Nils et Anna s'assirent près du sapin tandis qu'il restait en tailleur sur son lit, curieux de savoir ce qui leur avait été offert.

- Tiens, qu'est-ce que ça peut bien être ?

Nils retournait un paquet à la forme ronde dans tous les sens.

Finalement, n'y tenant plus, il finit par déchirer le papier cadeau.

BOUM !

Allen et Anna demeurèrent pétrifiés. Au bout de quelques secondes, l'épais nuage de fumée dissimulant leur ami s'estompa.

Celui-ci avait les cheveux en bataille et la figure couverte d'une poussière noire.

- Melly, marmonna-t-il furibond, je vais la tuer…

- Melly ?

- Sa petite sœur.

- Charmant, commenta Allen

- C'est un véritable démon, et moi qui lui ait envoyé un bracelet en dent de botruc…

- Tu ferais mieux d'ouvrir tes cadeaux avant que je ne me jette dessus pour voir qui t'en a envoyé, fit Anna au jeune homme blond tandis qu'elle essayait des bottines en peau de basilic offertes par sa tante

- Euh, c'est-à-dire que…

Il marqua une courte pause puis…

- Je ne pense pas en avoir cette année.

En introduisant le mot « cette année », il espérait pouvoir éviter une réaction trop excessive de ses amis.

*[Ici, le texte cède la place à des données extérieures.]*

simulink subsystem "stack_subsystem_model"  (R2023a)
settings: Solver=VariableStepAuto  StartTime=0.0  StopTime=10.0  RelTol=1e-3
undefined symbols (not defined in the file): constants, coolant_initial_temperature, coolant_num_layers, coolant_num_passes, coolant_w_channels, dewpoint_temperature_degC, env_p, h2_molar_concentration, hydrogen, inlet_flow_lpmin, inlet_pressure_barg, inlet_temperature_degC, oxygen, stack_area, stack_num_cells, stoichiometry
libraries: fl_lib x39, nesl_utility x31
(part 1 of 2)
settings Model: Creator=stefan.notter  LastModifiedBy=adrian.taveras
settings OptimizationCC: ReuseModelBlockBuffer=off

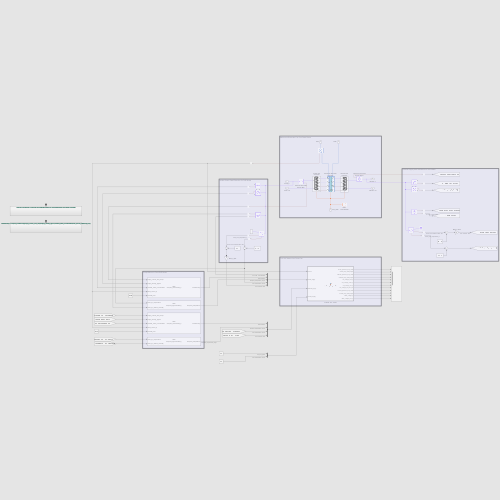
[thumbnail: Simulink's stored preview of the top-level diagram]
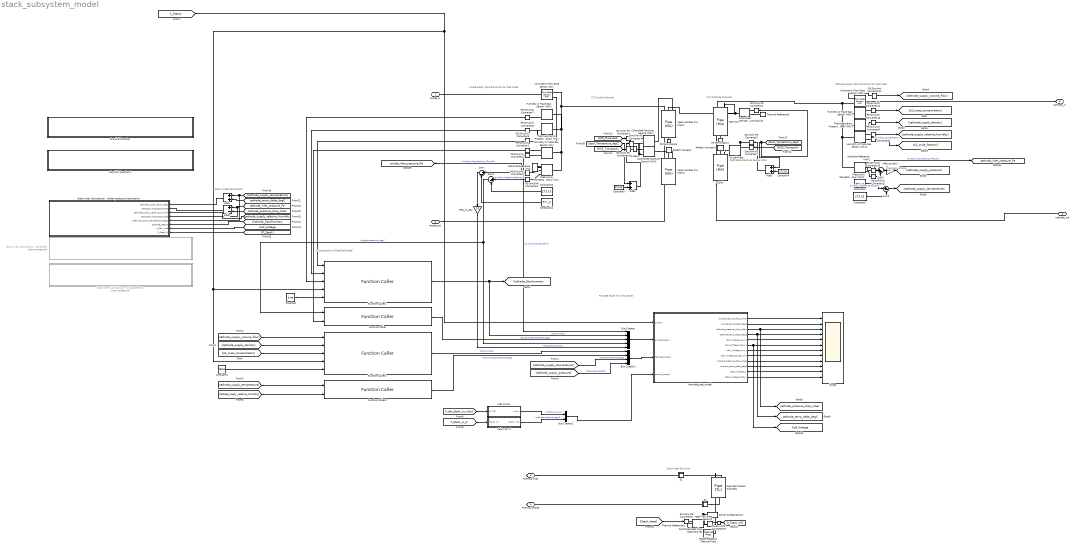
== system stack_subsystem_model ==
  note: Stack-model-Parameters
  note: Computations to Feed DoE Model
  note: Anode Supply Data Extraction for DoE Model
  note: P10 DoE Model from PowerCell
  note: Cathode Supply Data Extraction for DoE Model
  note: FCS Cathode Channels
  note: FCS Anode Channels
  note: Stack Heat Emission
  Absolute Reference (MA) : fl_lib/Moist Air/Elements/Absolute Reference (MA)
  Absolute Reference (MA)1 : fl_lib/Moist Air/Elements/Absolute Reference (MA)
  Add1 : Sum
  Add2 : Sum  Inputs=+-
  Add3 : Sum
  Add4 : Sum
  Bus Creator : BusCreator  Inputs=h2_molar_concentration,stoichiometry,dewpoint_temperature_degC,inlet_temperature_degC,inlet_pressure_barg  OutDataTypeStr=Bus: anode_supply
  Bus Creator1 : BusCreator  Inputs=stoichiometry,dewpoint_temperature_degC,inlet_temperature_degC,inlet_pressure_barg  OutDataTypeStr=Bus: cathode_supply
  Bus Creator2 : BusCreator  Inputs=inlet_flow_lpmin,inlet_temperature_degC  OutDataTypeStr=Bus: coolant_supply
  Cond. : fl_lib/Moist Air/Elements/Pipe (MA)  length=1 m  area=1 m^2  Dh=.1 m  length_add=.1 m  roughness=15e-6 m  Re_lam=2000  Re_tur=4000  shape_factor=64  Nu_lam=3.66  wall_condensation=simscape.enum.onoff.off  RH_ws=1  time_constant=1e-3 s  moisture_trace_gas_source=foundation.enum.moisture_trace_gas_source.controlled  moisture_source_spec=foundation.enum.moisture_source_spec.vapor  moisture_mass_flow=0 kg/s  moisture_temperature_spec=foundation.enum.temperature_spec.atmospheric  moisture_temperature=293.15 K  trace_gas_mass_flow=0 kg/s  trace_gas_temperature_spec=foundation.enum.temperature_spec.atmospheric  trace_gas_temperature=293.15 K  p_I_specify=off  p_I_priority=High  p_I=0.101325 MPa  p_I_nominal_specify=off  p_I_nominal_unit=MPa  p_I_nominal_value=1  T_I_specify=off  T_I_priority=High  T_I=293.15 K  T_I_nominal_specify=off  T_I_nominal_unit=K  T_I_nominal_value=1  RH_I_specify=off  RH_I_priority=High  RH_I=0  RH_I_nominal_specify=off  RH_I_nominal_unit=1  RH_I_nominal_value=1  x_w_I_specify=off  x_w_I_priority=None  x_w_I=0  x_w_I_nominal_specify=off  x_w_I_nominal_unit=1  x_w_I_nominal_value=1  y_w_I_specify=off  y_w_I_priority=None  y_w_I=0  y_w_I_nominal_specify=off  y_w_I_nominal_unit=1  y_w_I_nominal_value=1  HR_I_specify=off  HR_I_priority=None  HR_I=0  HR_I_nominal_specify=off  HR_I_nominal_unit=1  HR_I_nominal_value=1  x_g_I_specify=off  x_g_I_priority=High  x_g_I=0  x_g_I_nominal_specify=off  x_g_I_nominal_unit=1  x_g_I_nominal_value=1  y_g_I_specify=off  y_g_I_priority=None  y_g_I=0  y_g_I_nominal_specify=off  y_g_I_nominal_unit=1  y_g_I_nominal_value=1
      settings: InternalSimscapePortConfiguration="{\"Bottom\":[],\"Left\":[{\"id\":\"A\",\"label\":\"A\",\"type\":\"foundation.moist_air.moist_air\"},{\"id\":\"H\",\"label\":\"H\",\"type\":\"foundation.thermal.thermal\"},{\"id\":\"S\",\"label\":\"S\",\"type\":\"foundation.moist_air.moist_air_source\"}],\"Right\":[{\"id\":\"B\",\"label\":\"B\",\"type\":\"foundation.moist_air.moist_air\"},{\"id\":\"W\",\"label\":\"W\",\"type\":\"output\"},{\"id\":\"F\",\"label\":\"F\",\"type\":\"output\"}],\"Top\":[]}"
  Constant : Constant  Value=true  OutDataTypeStr=boolean
  Constant1 : Constant  Value=false  OutDataTypeStr=boolean
  Constant11 : Constant  Value=env_p
  Constant12 : Constant  Value=273.15
  Constant2 : Constant  Value=env_p
  Constant3 : Constant  Value=273.15
  Constant4 : Constant  Value=273.16
  Constant5 : Constant  Value=273.16
  Controlled Temperature Source : fl_lib/Thermal/Thermal Sources/Controlled Temperature Source
  Controlled Heat Flow Rate Source1 : fl_lib/Thermal/Thermal Sources/Controlled Heat Flow Rate Source
  Controlled Moisture Source (MA)1 : fl_lib/Moist Air/Sources/Moisture & Trace Gas Sources/Controlled Moisture Source (MA)  moisture_source_spec=foundation.enum.moisture_source_spec.vapor  Phi_S_specify=off  Phi_S_priority=None  Phi_S=0 kW  Phi_S_nominal_specify=off  Phi_S_nominal_unit=kW  Phi_S_nominal_value=1  mdot_w_S_specify=off  mdot_w_S_priority=None  mdot_w_S=0 kg/s  mdot_w_S_nominal_specify=off  mdot_w_S_nominal_unit=kg/s  mdot_w_S_nominal_value=1
      settings: InternalSimscapePortConfiguration="{\"Bottom\":[],\"Left\":[{\"id\":\"S\",\"label\":\"S\",\"type\":\"foundation.moist_air.moist_air_source\"}],\"Right\":[{\"id\":\"M\",\"label\":\"M\",\"type\":\"input\"},{\"id\":\"T\",\"label\":\"T\",\"type\":\"input\"}],\"Top\":[]}"
  Controlled Moisture Source (MA)2 : fl_lib/Moist Air/Sources/Moisture & Trace Gas Sources/Controlled Moisture Source (MA)  moisture_source_spec=foundation.enum.moisture_source_spec.vapor  Phi_S_specify=off  Phi_S_priority=None  Phi_S=0 kW  Phi_S_nominal_specify=off  Phi_S_nominal_unit=kW  Phi_S_nominal_value=1  mdot_w_S_specify=off  mdot_w_S_priority=None  mdot_w_S=0 kg/s  mdot_w_S_nominal_specify=off  mdot_w_S_nominal_unit=kg/s  mdot_w_S_nominal_value=1
      settings: InternalSimscapePortConfiguration="{\"Bottom\":[],\"Left\":[{\"id\":\"S\",\"label\":\"S\",\"type\":\"foundation.moist_air.moist_air_source\"}],\"Right\":[{\"id\":\"M\",\"label\":\"M\",\"type\":\"input\"},{\"id\":\"T\",\"label\":\"T\",\"type\":\"input\"}],\"Top\":[]}"
  Fuel Cell Coolant Channels : fl_lib/Thermal Liquid/Elements/Pipe (TL)  length=sqrt(stack_area) * coolant_num_passes cm  area=coolant_w_channels^2 * coolant_num_layers cm^2  Dh=coolant_w_channels cm  length_add=10 cm  roughness=15e-5 m  Re_lam=2000  Re_tur=4000  shape_factor=64  Nu_lam=3.66  dynamic_compressibility=simscape.enum.onoff.on  inertia=simscape.enum.onoff.off  p0=coolant_initial_pressure MPa  T0=coolant_initial_temperature K  mdot0=0 kg/s
  Function Caller : FunctionCaller  FunctionPrototype=dewpoint_temperature = dewpoint_approximation(moist_air_temperature,moist_air_relative_humidity)  InputArgumentSpecifications=<Enter example>  OutputArgumentSpecifications=<Enter example>
  Function Caller1 : FunctionCaller  FunctionPrototype=stoichiometry = compute_stoichiometry(supply_volume_flow_m3ps,supply_density_kgpm3,reactant_mass_concentration,stack_current_A,isanode_bool)  InputArgumentSpecifications=<Enter example>  OutputArgumentSpecifications=<Enter example>
  Function Caller2 : FunctionCaller  FunctionPrototype=stoichiometry = compute_stoichiometry(supply_volume_flow_m3ps,supply_density_kgpm3,reactant_mass_concentration,stack_current_A,isanode_bool)  InputArgumentSpecifications=<Enter example>  OutputArgumentSpecifications=<Enter example>
  Function Caller3 : FunctionCaller  FunctionPrototype=dewpoint_temperature = dewpoint_approximation(moist_air_temperature,moist_air_relative_humidity)  InputArgumentSpecifications=<Enter example>  OutputArgumentSpecifications=<Enter example>
  Heat Flow Rate Sensor1 : fl_lib/Thermal/Thermal Sensors/Heat Flow Rate Sensor
  Humidity & Trace Gas Sensor (MA) : fl_lib/Moist Air/Sensors/Humidity & Trace Gas Sensor (MA)  moisture_on=true  moisture_spec=foundation.enum.moisture_spec.relative_humidity  trace_gas_on=true  trace_gas_spec=foundation.enum.trace_gas_spec.mole_fraction
      settings: InternalSimscapePortConfiguration="{\"Bottom\":[],\"Left\":[{\"id\":\"A\",\"label\":\"A\",\"type\":\"foundation.moist_air.moist_air\"}],\"Right\":[{\"id\":\"W\",\"label\":\"W\",\"type\":\"output\"},{\"id\":\"G\",\"label\":\"G\",\"type\":\"output\"}],\"Top\":[]}"
  Humidity & Trace Gas Sensor (MA)1 : fl_lib/Moist Air/Sensors/Humidity & Trace Gas Sensor (MA)  moisture_on=true  moisture_spec=foundation.enum.moisture_spec.relative_humidity  trace_gas_on=true  trace_gas_spec=foundation.enum.trace_gas_spec.mass_fraction
      settings: InternalSimscapePortConfiguration="{\"Bottom\":[],\"Left\":[{\"id\":\"A\",\"label\":\"A\",\"type\":\"foundation.moist_air.moist_air\"}],\"Right\":[{\"id\":\"W\",\"label\":\"W\",\"type\":\"output\"},{\"id\":\"G\",\"label\":\"G\",\"type\":\"output\"}],\"Top\":[]}"
  Humidity & Trace Gas Sensor (MA)2 : fl_lib/Moist Air/Sensors/Humidity & Trace Gas Sensor (MA)  moisture_on=true  moisture_spec=foundation.enum.moisture_spec.relative_humidity  trace_gas_on=true  trace_gas_spec=foundation.enum.trace_gas_spec.mole_fraction
      settings: InternalSimscapePortConfiguration="{\"Bottom\":[],\"Left\":[{\"id\":\"A\",\"label\":\"A\",\"type\":\"foundation.moist_air.moist_air\"}],\"Right\":[{\"id\":\"W\",\"label\":\"W\",\"type\":\"output\"},{\"id\":\"G\",\"label\":\"G\",\"type\":\"output\"}],\"Top\":[]}"
  Humidity & Trace Gas Sensor (MA)3 : fl_lib/Moist Air/Sensors/Humidity & Trace Gas Sensor (MA)  moisture_on=true  moisture_spec=foundation.enum.moisture_spec.relative_humidity  trace_gas_on=true  trace_gas_spec=foundation.enum.trace_gas_spec.mass_fraction
      settings: InternalSimscapePortConfiguration="{\"Bottom\":[],\"Left\":[{\"id\":\"A\",\"label\":\"A\",\"type\":\"foundation.moist_air.moist_air\"}],\"Right\":[{\"id\":\"W\",\"label\":\"W\",\"type\":\"output\"},{\"id\":\"G\",\"label\":\"G\",\"type\":\"output\"}],\"Top\":[]}"
  Kelvin to °C : Subsystem
  M3s to lpm : Subsystem
  MPa_to_Bar : Gain  Gain=10
  MPa_to_Bar1 : Gain  Gain=10
  PS Gain2 : fl_lib/Physical Signals/Functions/PS Gain  gain=-1
  PS Terminator1 : fl_lib/Physical Signals/Sinks/PS Terminator
  PS Terminator6 : fl_lib/Physical Signals/Sinks/PS Terminator
  PS-Simulink Converter{1..2,4..9,11..14} (12 alike) : nesl_utility/PS-Simulink Converter  PhysicalDomain=network_engine_domain  SubClassName=ps_output  LeftPortType=input  RightPortType=output  PseudoPeriodic=off  Frequencies=[]  VectorFormat=inherit  Unit=inherit  AffineConversion=off
  PS-Simulink Converter10 : nesl_utility/PS-Simulink Converter  PhysicalDomain=network_engine_domain  SubClassName=ps_output  LeftPortType=input  RightPortType=output  PseudoPeriodic=off  Frequencies=[]  VectorFormat=inherit  Unit=MPa  AffineConversion=off
  PS-Simulink Converter16 : nesl_utility/PS-Simulink Converter  PhysicalDomain=network_engine_domain  SubClassName=ps_output  LeftPortType=input  RightPortType=output  PseudoPeriodic=off  Frequencies=[]  VectorFormat=1-D array  Unit=kW  AffineConversion=off
  PS-Simulink Converter3 : nesl_utility/PS-Simulink Converter  PhysicalDomain=network_engine_domain  SubClassName=ps_output  LeftPortType=input  RightPortType=output  PseudoPeriodic=off  Frequencies=[]  VectorFormat=inherit  Unit=MPa  AffineConversion=off
  PS100-P02Stack Thermal Mass : fl_lib/Thermal/Thermal Elements/Thermal Mass  mass_type=foundation.enum.constant_variable.constant  mass=stack_thermal_mass kg  sp_heat=stack_specific_heat J/kg/K  mass_min=1e-6 kg  num_ports=foundation.enum.numPorts2.one  m_specify=off  m_priority=High  m=1 kg  m_nominal_specify=off  m_nominal_unit=kg  m_nominal_value=1  T_specify=on  T_priority=High  T=coolant_initial_temperature K  T_nominal_specify=off  T_nominal_unit=K  T_nominal_value=1  Q_specify=off  Q_priority=None  Q=20e3 W  Q_nominal_specify=off  Q_nominal_unit=W  Q_nominal_value=1
  Perfect Insulator : fl_lib/Thermal/Thermal Elements/Perfect Insulator  T_specify=off  T_priority=None  T=293.15 K  T_nominal_specify=off  T_nominal_unit=K  T_nominal_value=1
  Perfect Insulator1 : fl_lib/Thermal/Thermal Elements/Perfect Insulator  T_specify=off  T_priority=None  T=293.15 K  T_nominal_specify=off  T_nominal_unit=K  T_nominal_value=1
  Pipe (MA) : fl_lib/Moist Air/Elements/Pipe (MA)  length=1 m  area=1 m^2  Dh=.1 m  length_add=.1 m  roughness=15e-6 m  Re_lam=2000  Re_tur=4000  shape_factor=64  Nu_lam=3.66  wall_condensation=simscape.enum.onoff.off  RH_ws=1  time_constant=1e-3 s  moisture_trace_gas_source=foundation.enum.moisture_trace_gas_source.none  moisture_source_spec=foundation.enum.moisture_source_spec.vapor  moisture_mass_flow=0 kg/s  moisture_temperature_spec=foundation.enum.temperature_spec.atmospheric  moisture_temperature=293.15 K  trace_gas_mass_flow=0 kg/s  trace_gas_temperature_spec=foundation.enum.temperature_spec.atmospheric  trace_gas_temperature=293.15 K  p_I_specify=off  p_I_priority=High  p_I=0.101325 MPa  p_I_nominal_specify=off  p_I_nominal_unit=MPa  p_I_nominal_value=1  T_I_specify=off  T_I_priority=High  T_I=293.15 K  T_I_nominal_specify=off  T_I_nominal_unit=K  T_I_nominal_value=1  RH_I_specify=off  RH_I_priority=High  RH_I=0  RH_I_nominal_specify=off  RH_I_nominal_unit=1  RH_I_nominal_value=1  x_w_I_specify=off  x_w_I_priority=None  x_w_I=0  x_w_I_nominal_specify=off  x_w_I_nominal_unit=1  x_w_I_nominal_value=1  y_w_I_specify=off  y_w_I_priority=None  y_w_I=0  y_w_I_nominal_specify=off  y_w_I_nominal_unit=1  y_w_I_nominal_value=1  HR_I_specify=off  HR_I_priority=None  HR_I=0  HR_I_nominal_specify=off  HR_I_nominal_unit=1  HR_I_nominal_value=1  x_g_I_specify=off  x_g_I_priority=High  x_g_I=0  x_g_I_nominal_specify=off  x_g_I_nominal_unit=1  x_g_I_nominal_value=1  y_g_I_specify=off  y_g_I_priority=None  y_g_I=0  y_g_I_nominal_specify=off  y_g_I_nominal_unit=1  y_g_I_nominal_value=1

Malheureusement, cette subtile introduction nominale n'eut aucun effet.

Anna et Nils se figèrent instantanément.

- Comment ça ?

- Tu veux dire que personne ne t'a rien envoyé ?

- Ça n'a pas d'importance, je me fiche d'en avoir ou non, sincèrement…

- Ni ta famille, ni tes amis ne t'en ont offerts ?

- Non, répondit-il, Tim ! Arrête ça veux-tu ?

Le golem le tirait par la manche.

Voyant que son ma pitre ne voyait pas où il voulait en venir, il abandonna la partie.

- Quand même, bougonna Anna, c'est spécial… heureusement que nous y avons pensé.

Nils et elle brandirent alors deux paquets soigneusement dissimulés jusqu'alors.

Allen fut tellement surpris qu'il ne put articuler un mot de remerciement.

- Allez, ouvres-les !

- Mais… mais comment… ? Quand…?

- Durant une sortie à Pré-au-Lard, répondit Nils avant qu'il ne puisse finir sa phrase, et maintenant, ouvre !

L'exorciste hésita.

- C'est que… je… je n'ai rien pour vous moi…

Ne t'en fais pas, pour tout te dire, on se doutait que tu n'avais pas beaucoup d'argent. Depuis le début de l'année, tu n'as pas dépensé une mornille.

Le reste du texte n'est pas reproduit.